REQUIRED WORK:
Restrict the output to the lines below starting at the one that contains "#44=LINE('',#43,#42);" and ending at the one that contains "#80=CYLINDRICAL_SURFACE('',#79,20.);", and restate them word for word, both ends included.

(Saved data entries)

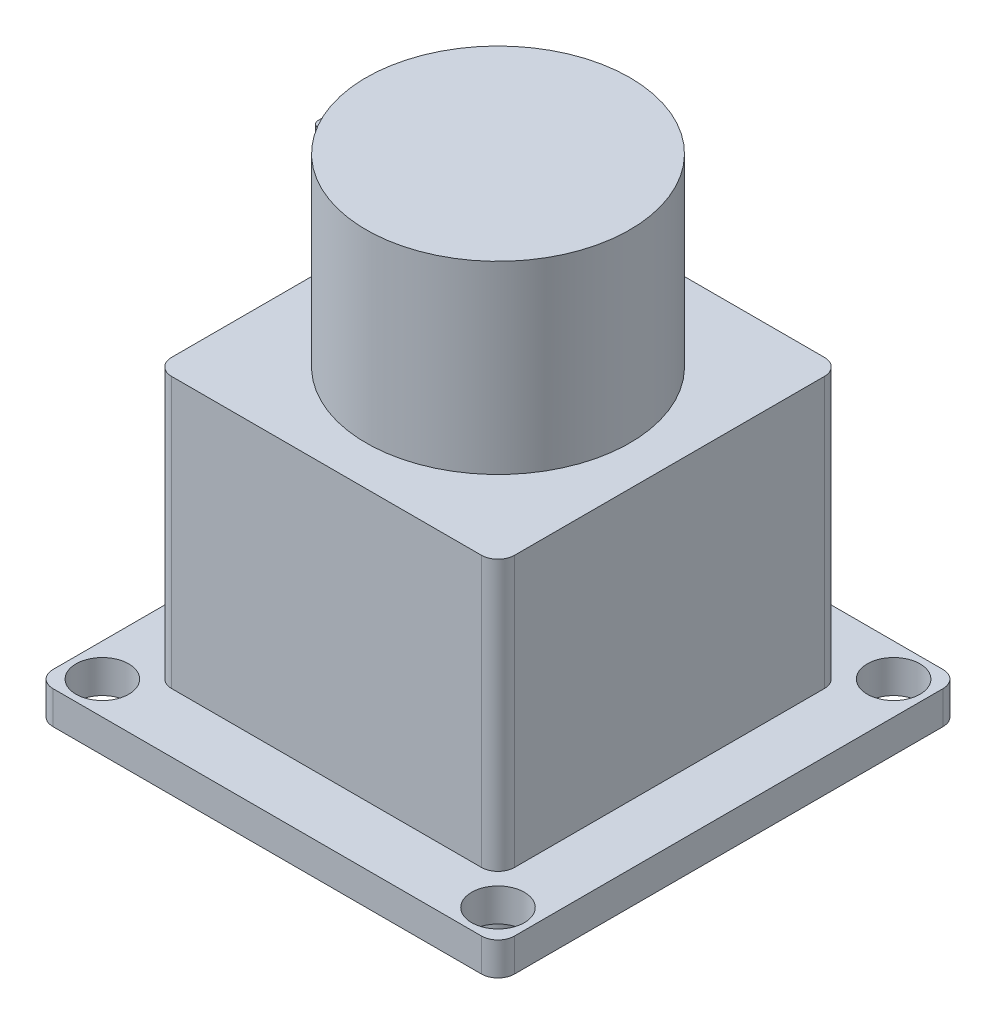
ISO-10303-21;
HEADER;
FILE_DESCRIPTION(('STEP AP214'),'2;1');
FILE_NAME('part.step','',(''),(''),'','','');
FILE_SCHEMA(('AUTOMOTIVE_DESIGN { 1 0 10303 214 1 1 1 1 }'));
ENDSEC;
DATA;
#1=APPLICATION_CONTEXT('core data for automotive mechanical design processes');
#2=APPLICATION_PROTOCOL_DEFINITION('international standard','automotive_design',2000,#1);
#3=PRODUCT_CONTEXT('',#1,'mechanical');
#4=PRODUCT('Part','Part','',(#3));
#5=PRODUCT_RELATED_PRODUCT_CATEGORY('part','',(#4));
#6=PRODUCT_DEFINITION_FORMATION('','',#4);
#7=PRODUCT_DEFINITION_CONTEXT('part definition',#1,'design');
#8=PRODUCT_DEFINITION('design','',#6,#7);
#9=PRODUCT_DEFINITION_SHAPE('','',#8);
#10=(LENGTH_UNIT() NAMED_UNIT(*) SI_UNIT(.MILLI.,.METRE.));
#11=(NAMED_UNIT(*) PLANE_ANGLE_UNIT() SI_UNIT($,.RADIAN.));
#12=(NAMED_UNIT(*) SI_UNIT($,.STERADIAN.) SOLID_ANGLE_UNIT());
#13=UNCERTAINTY_MEASURE_WITH_UNIT(LENGTH_MEASURE(1.E-05),#10,'distance_accuracy_value','');
#14=(GEOMETRIC_REPRESENTATION_CONTEXT(3) GLOBAL_UNCERTAINTY_ASSIGNED_CONTEXT((#13)) GLOBAL_UNIT_ASSIGNED_CONTEXT((#10,
#11,#12)) REPRESENTATION_CONTEXT('',''));
#15=CARTESIAN_POINT('',(0.,0.,0.));
#16=DIRECTION('',(0.,0.,1.));
#17=DIRECTION('',(1.,0.,0.));
#18=AXIS2_PLACEMENT_3D('',#15,#16,#17);
#19=CARTESIAN_POINT('',(0.,74.,0.));
#20=DIRECTION('',(0.,1.,0.));
#21=DIRECTION('',(0.,0.,1.));
#22=AXIS2_PLACEMENT_3D('',#19,#20,#21);
#23=PLANE('',#22);
#24=CARTESIAN_POINT('',(-1.07552855510562E-13,74.,0.));
#25=DIRECTION('',(0.,-1.,0.));
#26=DIRECTION('',(0.,0.,-1.));
#27=AXIS2_PLACEMENT_3D('',#24,#25,#26);
#28=CIRCLE('',#27,20.);
#29=CARTESIAN_POINT('',(-1.07552855510562E-13,74.,-20.));
#30=VERTEX_POINT('',#29);
#31=EDGE_CURVE('E20',#30,#30,#28,.T.);
#32=ORIENTED_EDGE('',*,*,#31,.F.);
#33=EDGE_LOOP('',(#32));
#34=FACE_BOUND('',#33,.T.);
#35=ADVANCED_FACE('F17',(#34),#23,.T.);
#36=CARTESIAN_POINT('',(-22.9365172470036,66.,-2.25));
#37=DIRECTION('',(0.,0.,-1.));
#38=DIRECTION('',(-1.,0.,0.));
#39=AXIS2_PLACEMENT_3D('',#36,#37,#38);
#40=PLANE('',#39);
#41=DIRECTION('',(1.,0.,0.));
#42=VECTOR('',#41,1.);
#43=CARTESIAN_POINT('',(0.,66.,-2.25));
#44=LINE('',#43,#42);
#45=CARTESIAN_POINT('',(-19.8730344940073,66.,-2.25));
#46=VERTEX_POINT('',#45);
#47=CARTESIAN_POINT('',(-25.,66.,-2.25));
#48=VERTEX_POINT('',#47);
#49=EDGE_CURVE('E183',#46,#48,#44,.F.);
#50=ORIENTED_EDGE('',*,*,#49,.F.);
#51=DIRECTION('',(0.,-1.,0.));
#52=VECTOR('',#51,1.);
#53=CARTESIAN_POINT('',(-19.8730344940073,74.,-2.24999999999999));
#54=LINE('',#53,#52);
#55=CARTESIAN_POINT('',(-19.8730344940073,46.,-2.25));
#56=VERTEX_POINT('',#55);
#57=EDGE_CURVE('E169',#56,#46,#54,.F.);
#58=ORIENTED_EDGE('',*,*,#57,.F.);
#59=DIRECTION('',(1.,0.,0.));
#60=VECTOR('',#59,1.);
#61=CARTESIAN_POINT('',(0.,46.,-2.25));
#62=LINE('',#61,#60);
#63=CARTESIAN_POINT('',(-25.,46.,-2.25));
#64=VERTEX_POINT('',#63);
#65=EDGE_CURVE('E311',#64,#56,#62,.T.);
#66=ORIENTED_EDGE('',*,*,#65,.F.);
#67=DIRECTION('',(0.,-1.,0.));
#68=VECTOR('',#67,1.);
#69=CARTESIAN_POINT('',(-25.,46.,-2.25));
#70=LINE('',#69,#68);
#71=EDGE_CURVE('E190',#48,#64,#70,.T.);
#72=ORIENTED_EDGE('',*,*,#71,.F.);
#73=EDGE_LOOP('',(#50,#58,#66,#72));
#74=FACE_BOUND('',#73,.T.);
#75=ADVANCED_FACE('F189',(#74),#40,.T.);
#76=CARTESIAN_POINT('',(-1.07552855510562E-13,74.,0.));
#77=DIRECTION('',(0.,-1.,0.));
#78=DIRECTION('',(0.,0.,-1.));
#79=AXIS2_PLACEMENT_3D('',#76,#77,#78);
#80=CYLINDRICAL_SURFACE('',#79,20.);
#81=CARTESIAN_POINT('',(-1.07552855510562E-13,46.,0.));
#82=DIRECTION('',(0.,-1.,0.));
#83=DIRECTION('',(0.,0.,-1.));
#84=AXIS2_PLACEMENT_3D('',#81,#82,#83);
#85=CIRCLE('',#84,20.);
#86=CARTESIAN_POINT('',(-19.8730344940073,46.,2.25));
#87=VERTEX_POINT('',#86);
#88=EDGE_CURVE('E174',#56,#87,#85,.T.);
#89=ORIENTED_EDGE('',*,*,#88,.F.);
#90=ORIENTED_EDGE('',*,*,#57,.T.);
#91=CARTESIAN_POINT('',(-1.07552855510562E-13,66.,0.));
#92=DIRECTION('',(0.,-1.,0.));
#93=DIRECTION('',(0.,0.,-1.));
#94=AXIS2_PLACEMENT_3D('',#91,#92,#93);
#95=CIRCLE('',#94,20.);
#96=CARTESIAN_POINT('',(-19.8730344940073,66.,2.25));
#97=VERTEX_POINT('',#96);
#98=EDGE_CURVE('E173',#97,#46,#95,.T.);
#99=ORIENTED_EDGE('',*,*,#98,.F.);
#100=DIRECTION('',(0.,1.,0.));
#101=VECTOR('',#100,1.);
#102=CARTESIAN_POINT('',(-19.8730344940073,66.,2.25));
#103=LINE('',#102,#101);
#104=EDGE_CURVE('E163',#97,#87,#103,.F.);
#105=ORIENTED_EDGE('',*,*,#104,.T.);
#106=EDGE_LOOP('',(#89,#90,#99,#105));
#107=FACE_BOUND('',#106,.T.);
#108=ORIENTED_EDGE('',*,*,#31,.T.);
#109=EDGE_LOOP('',(#108));
#110=FACE_BOUND('',#109,.T.);
#111=ADVANCED_FACE('F171',(#107,#110),#80,.T.);
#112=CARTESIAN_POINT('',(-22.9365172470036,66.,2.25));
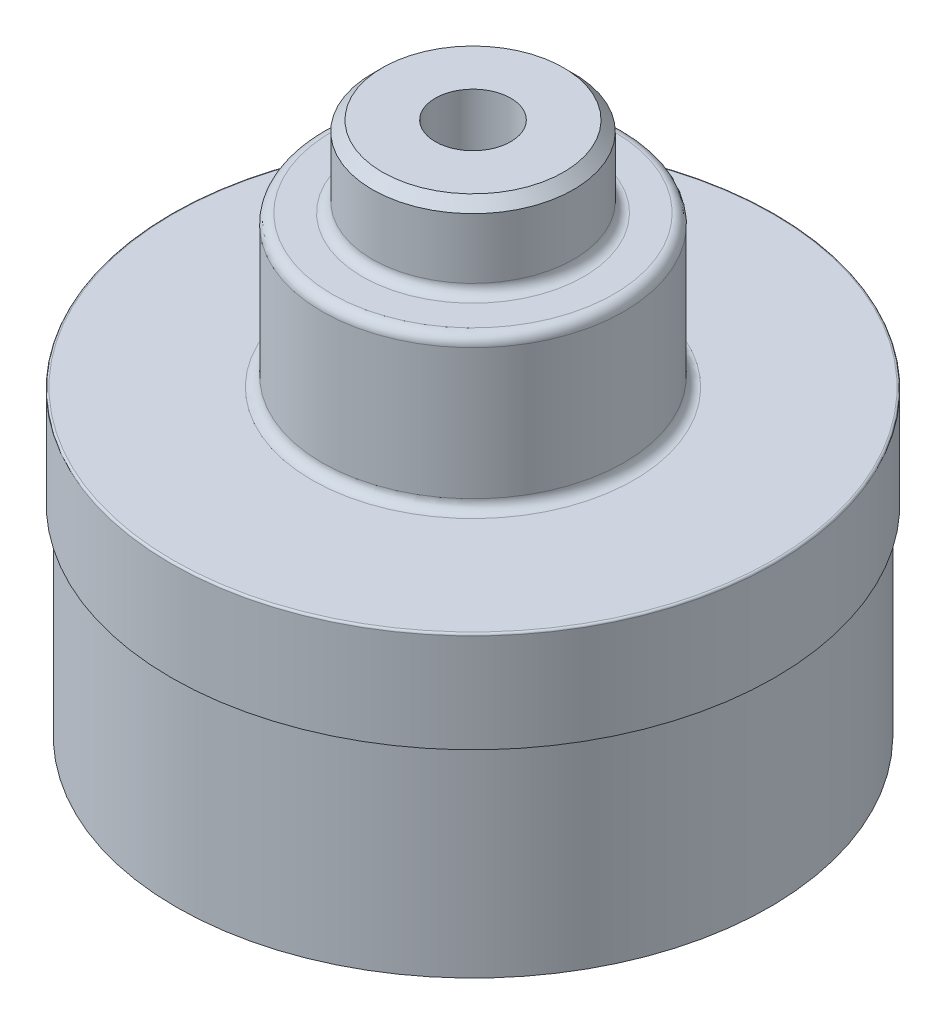
ISO-10303-21;
HEADER;
FILE_DESCRIPTION(('STEP AP214'),'2;1');
FILE_NAME('part.step','',(''),(''),'','','');
FILE_SCHEMA(('AUTOMOTIVE_DESIGN { 1 0 10303 214 1 1 1 1 }'));
ENDSEC;
DATA;
#1=APPLICATION_CONTEXT('core data for automotive mechanical design processes');
#2=APPLICATION_PROTOCOL_DEFINITION('international standard','automotive_design',2000,#1);
#3=PRODUCT_CONTEXT('',#1,'mechanical');
#4=PRODUCT('Part','Part','',(#3));
#5=PRODUCT_RELATED_PRODUCT_CATEGORY('part','',(#4));
#6=PRODUCT_DEFINITION_FORMATION('','',#4);
#7=PRODUCT_DEFINITION_CONTEXT('part definition',#1,'design');
#8=PRODUCT_DEFINITION('design','',#6,#7);
#9=PRODUCT_DEFINITION_SHAPE('','',#8);
#10=(LENGTH_UNIT() NAMED_UNIT(*) SI_UNIT(.MILLI.,.METRE.));
#11=(NAMED_UNIT(*) PLANE_ANGLE_UNIT() SI_UNIT($,.RADIAN.));
#12=(NAMED_UNIT(*) SI_UNIT($,.STERADIAN.) SOLID_ANGLE_UNIT());
#13=UNCERTAINTY_MEASURE_WITH_UNIT(LENGTH_MEASURE(1.E-05),#10,'distance_accuracy_value','');
#14=(GEOMETRIC_REPRESENTATION_CONTEXT(3) GLOBAL_UNCERTAINTY_ASSIGNED_CONTEXT((#13)) GLOBAL_UNIT_ASSIGNED_CONTEXT((#10,
#11,#12)) REPRESENTATION_CONTEXT('',''));
#15=CARTESIAN_POINT('',(0.,0.,0.));
#16=DIRECTION('',(0.,0.,1.));
#17=DIRECTION('',(1.,0.,0.));
#18=AXIS2_PLACEMENT_3D('',#15,#16,#17);
#19=CARTESIAN_POINT('',(0.,25.4,0.));
#20=DIRECTION('',(0.,-1.,0.));
#21=DIRECTION('',(0.,0.,-1.));
#22=AXIS2_PLACEMENT_3D('',#19,#20,#21);
#23=CYLINDRICAL_SURFACE('',#22,37.465);
#24=CARTESIAN_POINT('',(0.,25.4,0.));
#25=DIRECTION('',(0.,1.,0.));
#26=DIRECTION('',(0.,0.,1.));
#27=AXIS2_PLACEMENT_3D('',#24,#25,#26);
#28=CIRCLE('',#27,37.465);
#29=CARTESIAN_POINT('',(0.,25.4,37.465));
#30=VERTEX_POINT('',#29);
#31=EDGE_CURVE('E65',#30,#30,#28,.T.);
#32=ORIENTED_EDGE('',*,*,#31,.F.);
#33=EDGE_LOOP('',(#32));
#34=FACE_BOUND('',#33,.T.);
#35=CARTESIAN_POINT('',(0.,0.,0.));
#36=DIRECTION('',(0.,1.,0.));
#37=DIRECTION('',(0.,0.,1.));
#38=AXIS2_PLACEMENT_3D('',#35,#36,#37);
#39=CIRCLE('',#38,37.465);
#40=CARTESIAN_POINT('',(0.,0.,37.465));
#41=VERTEX_POINT('',#40);
#42=EDGE_CURVE('E60',#41,#41,#39,.T.);
#43=ORIENTED_EDGE('',*,*,#42,.T.);
#44=EDGE_LOOP('',(#43));
#45=FACE_BOUND('',#44,.T.);
#46=ADVANCED_FACE('F37',(#34,#45),#23,.T.);
#47=CARTESIAN_POINT('',(0.,0.,0.));
#48=DIRECTION('',(0.,1.,0.));
#49=DIRECTION('',(0.,0.,1.));
#50=AXIS2_PLACEMENT_3D('',#47,#48,#49);
#51=PLANE('',#50);
#52=ORIENTED_EDGE('',*,*,#42,.F.);
#53=EDGE_LOOP('',(#52));
#54=FACE_BOUND('',#53,.T.);
#55=ADVANCED_FACE('F109',(#54),#51,.F.);
#56=CARTESIAN_POINT('',(0.,38.1,0.));
#57=DIRECTION('',(0.,-1.,0.));
#58=DIRECTION('',(0.,0.,-1.));
#59=AXIS2_PLACEMENT_3D('',#56,#57,#58);
#60=CYLINDRICAL_SURFACE('',#59,38.1);
#61=CARTESIAN_POINT('',(0.,37.846,0.));
#62=DIRECTION('',(0.,1.,0.));
#63=DIRECTION('',(0.,0.,1.));
#64=AXIS2_PLACEMENT_3D('',#61,#62,#63);
#65=CIRCLE('',#64,38.1);
#66=CARTESIAN_POINT('',(0.,37.846,38.1));
#67=VERTEX_POINT('',#66);
#68=EDGE_CURVE('E85',#67,#67,#65,.F.);
#69=ORIENTED_EDGE('',*,*,#68,.T.);
#70=EDGE_LOOP('',(#69));
#71=FACE_BOUND('',#70,.T.);
#72=CARTESIAN_POINT('',(0.,25.4,0.));
#73=DIRECTION('',(0.,1.,0.));
#74=DIRECTION('',(0.,0.,1.));
#75=AXIS2_PLACEMENT_3D('',#72,#73,#74);
#76=CIRCLE('',#75,38.1);
#77=CARTESIAN_POINT('',(0.,25.4,38.1));
#78=VERTEX_POINT('',#77);
#79=EDGE_CURVE('E56',#78,#78,#76,.T.);
#80=ORIENTED_EDGE('',*,*,#79,.T.);
#81=EDGE_LOOP('',(#80));
#82=FACE_BOUND('',#81,.T.);
#83=ADVANCED_FACE('F115',(#71,#82),#60,.T.);
#84=CARTESIAN_POINT('',(0.,38.1,0.));
#85=DIRECTION('',(0.,1.,0.));
#86=DIRECTION('',(0.,0.,1.));
#87=AXIS2_PLACEMENT_3D('',#84,#85,#86);
#88=PLANE('',#87);
#89=CARTESIAN_POINT('',(0.,38.1,0.));
#90=DIRECTION('',(0.,1.,0.));
#91=DIRECTION('',(0.,0.,1.));
#92=AXIS2_PLACEMENT_3D('',#89,#90,#91);
#93=CIRCLE('',#92,20.32);
#94=CARTESIAN_POINT('',(0.,38.1,20.32));
#95=VERTEX_POINT('',#94);
#96=EDGE_CURVE('E91',#95,#95,#93,.F.);
#97=ORIENTED_EDGE('',*,*,#96,.T.);
#98=EDGE_LOOP('',(#97));
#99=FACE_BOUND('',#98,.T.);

RESPONSE:
#44=LINE('',#43,#42);
#45=CARTESIAN_POINT('',(-19.8730344940073,66.,-2.25));
#46=VERTEX_POINT('',#45);
#47=CARTESIAN_POINT('',(-25.,66.,-2.25));
#48=VERTEX_POINT('',#47);
#49=EDGE_CURVE('E183',#46,#48,#44,.F.);
#50=ORIENTED_EDGE('',*,*,#49,.F.);
#51=DIRECTION('',(0.,-1.,0.));
#52=VECTOR('',#51,1.);
#53=CARTESIAN_POINT('',(-19.8730344940073,74.,-2.24999999999999));
#54=LINE('',#53,#52);
#55=CARTESIAN_POINT('',(-19.8730344940073,46.,-2.25));
#56=VERTEX_POINT('',#55);
#57=EDGE_CURVE('E169',#56,#46,#54,.F.);
#58=ORIENTED_EDGE('',*,*,#57,.F.);
#59=DIRECTION('',(1.,0.,0.));
#60=VECTOR('',#59,1.);
#61=CARTESIAN_POINT('',(0.,46.,-2.25));
#62=LINE('',#61,#60);
#63=CARTESIAN_POINT('',(-25.,46.,-2.25));
#64=VERTEX_POINT('',#63);
#65=EDGE_CURVE('E311',#64,#56,#62,.T.);
#66=ORIENTED_EDGE('',*,*,#65,.F.);
#67=DIRECTION('',(0.,-1.,0.));
#68=VECTOR('',#67,1.);
#69=CARTESIAN_POINT('',(-25.,46.,-2.25));
#70=LINE('',#69,#68);
#71=EDGE_CURVE('E190',#48,#64,#70,.T.);
#72=ORIENTED_EDGE('',*,*,#71,.F.);
#73=EDGE_LOOP('',(#50,#58,#66,#72));
#74=FACE_BOUND('',#73,.T.);
#75=ADVANCED_FACE('F189',(#74),#40,.T.);
#76=CARTESIAN_POINT('',(-1.07552855510562E-13,74.,0.));
#77=DIRECTION('',(0.,-1.,0.));
#78=DIRECTION('',(0.,0.,-1.));
#79=AXIS2_PLACEMENT_3D('',#76,#77,#78);
#80=CYLINDRICAL_SURFACE('',#79,20.);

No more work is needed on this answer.